**TRY IT:**
Scan the entries for the word "point" and report how many lines contain it, as a number with no other words.

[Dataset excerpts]
**********
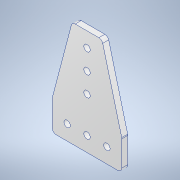
# Autodesk Inventor part: プレート保持_固定具1
Saved by Autodesk Inventor 2021 (Build 250183000, 183)
## iProperties
Created: 2022-02-03
Part Number: プレート保持_固定具1
Material: アルミニウム 6061
Document SubType Name: Modeling
Designer: hirohumi
Density: 2.7 g/cm^3
Appearance: アルミニウム - フラット
Author: hirohumi
Autodesk Inventor part; units mm, degrees
ref_plane "YZ Plane" through (0, 0, 0) normal (1, 0, 0) x (0, 1, 0)
ref_plane "XZ Plane" through (0, 0, 0) normal (0, 1, 0) x (-1, 0, 0)
ref_plane "XY Plane" through (0, 0, 0) normal (0, 0, 1) x (1, 0, 0)
sketch "スケッチ1" plane through (0, 0, 0) normal (0, 0, 1) x (1, 0, 0)
  circle A0 centre (0, 0) radius 1.6
  circle A1 centre (10, 0) radius 1.6
  circle A2 centre (-10, 0) radius 1.6
  circle A3 centre (0, 18) radius 1.6
  circle A4 centre (0, 28) radius 1.6
  circle A5 centre (0, 38) radius 1.6
  line L0 (-7.5, 45.5) -> (7.5, 45.5)
  line L1 (7.5, 45.5) -> (17.5, 7.5)
  line L2 (17.5, 7.5) -> (17.5, -7.5)
  line L3 (17.5, -7.5) -> (-17.5, -7.5)
  line L4 (-17.5, -7.5) -> (-17.5, 7.5)
  line L5 (-17.5, 7.5) -> (-7.5, 45.5)
  dimension "d0" = 3.2
  dimension "d1" = 3.2
  dimension "d2" = 3.2
  dimension "d3" = 10
  dimension "d4" = 10
  dimension "d5" = 3.2
  dimension "d6" = 3.2
  dimension "d7" = 3.2
  dimension "d8" = 10
  dimension "d9" = 10
  dimension "d10" = 18
  dimension "d11" = 7.5
  dimension "d13" = 7.5
  dimension "d14" = 7.5
  dimension "d15" = 7.5
  dimension "d16" = 7.5
  dimension "d17" = 7.5
  dimension "d18" = 7.5
  dimension "d19" = 7.5
  constraints: 12 end point, 6 centre point, 3 perpendicular, 3 vertical alignment, 2 horizontal alignment, 1 coincident, 1 horizontal
  measures "d0" diameter of A0
  measures "d1" diameter of A1
  measures "d2" diameter of A2
  measures "d3" distance of point (0, 0) A2.centre
  measures "d4" distance of A1.centre point (0, 0)
  measures "d5" diameter of A3
  measures "d6" diameter of A4
  measures "d7" diameter of A5
  measures "d8" distance of A4.centre A3.centre
  measures "d9" distance of A5.centre A4.centre
  measures "d10" distance of point (0, 0) A3.centre
  measures "d11" distance from line of A5.centre L0
  measures "d13" distance from line of L3 A2.centre
  measures "d14" distance from line of A2.centre L4
  measures "d15" distance from line of L2 A1.centre
  measures "d16" horizontal distance of A5.centre L0.start
  measures "d17" horizontal distance of A5.centre L0.end
  measures "d18" horizontal distance of A2.centre L4.end
  measures "d19" horizontal distance of A1.centre L1.end
extrude "押し出し1" add sketch "スケッチ1" along normal blind 3
fillet "フィレット1" radius 2 6 edges at (-7.5, 45.5, 1.5) (7.5, 45.5, 1.5) (17.5, 7.5, 1.5) (17.5, -7.5, 1.5) (-17.5, -7.5, 1.5) (-17.5, 7.5, 1.5)
**********
**WRITTEN RESPONSE:**
4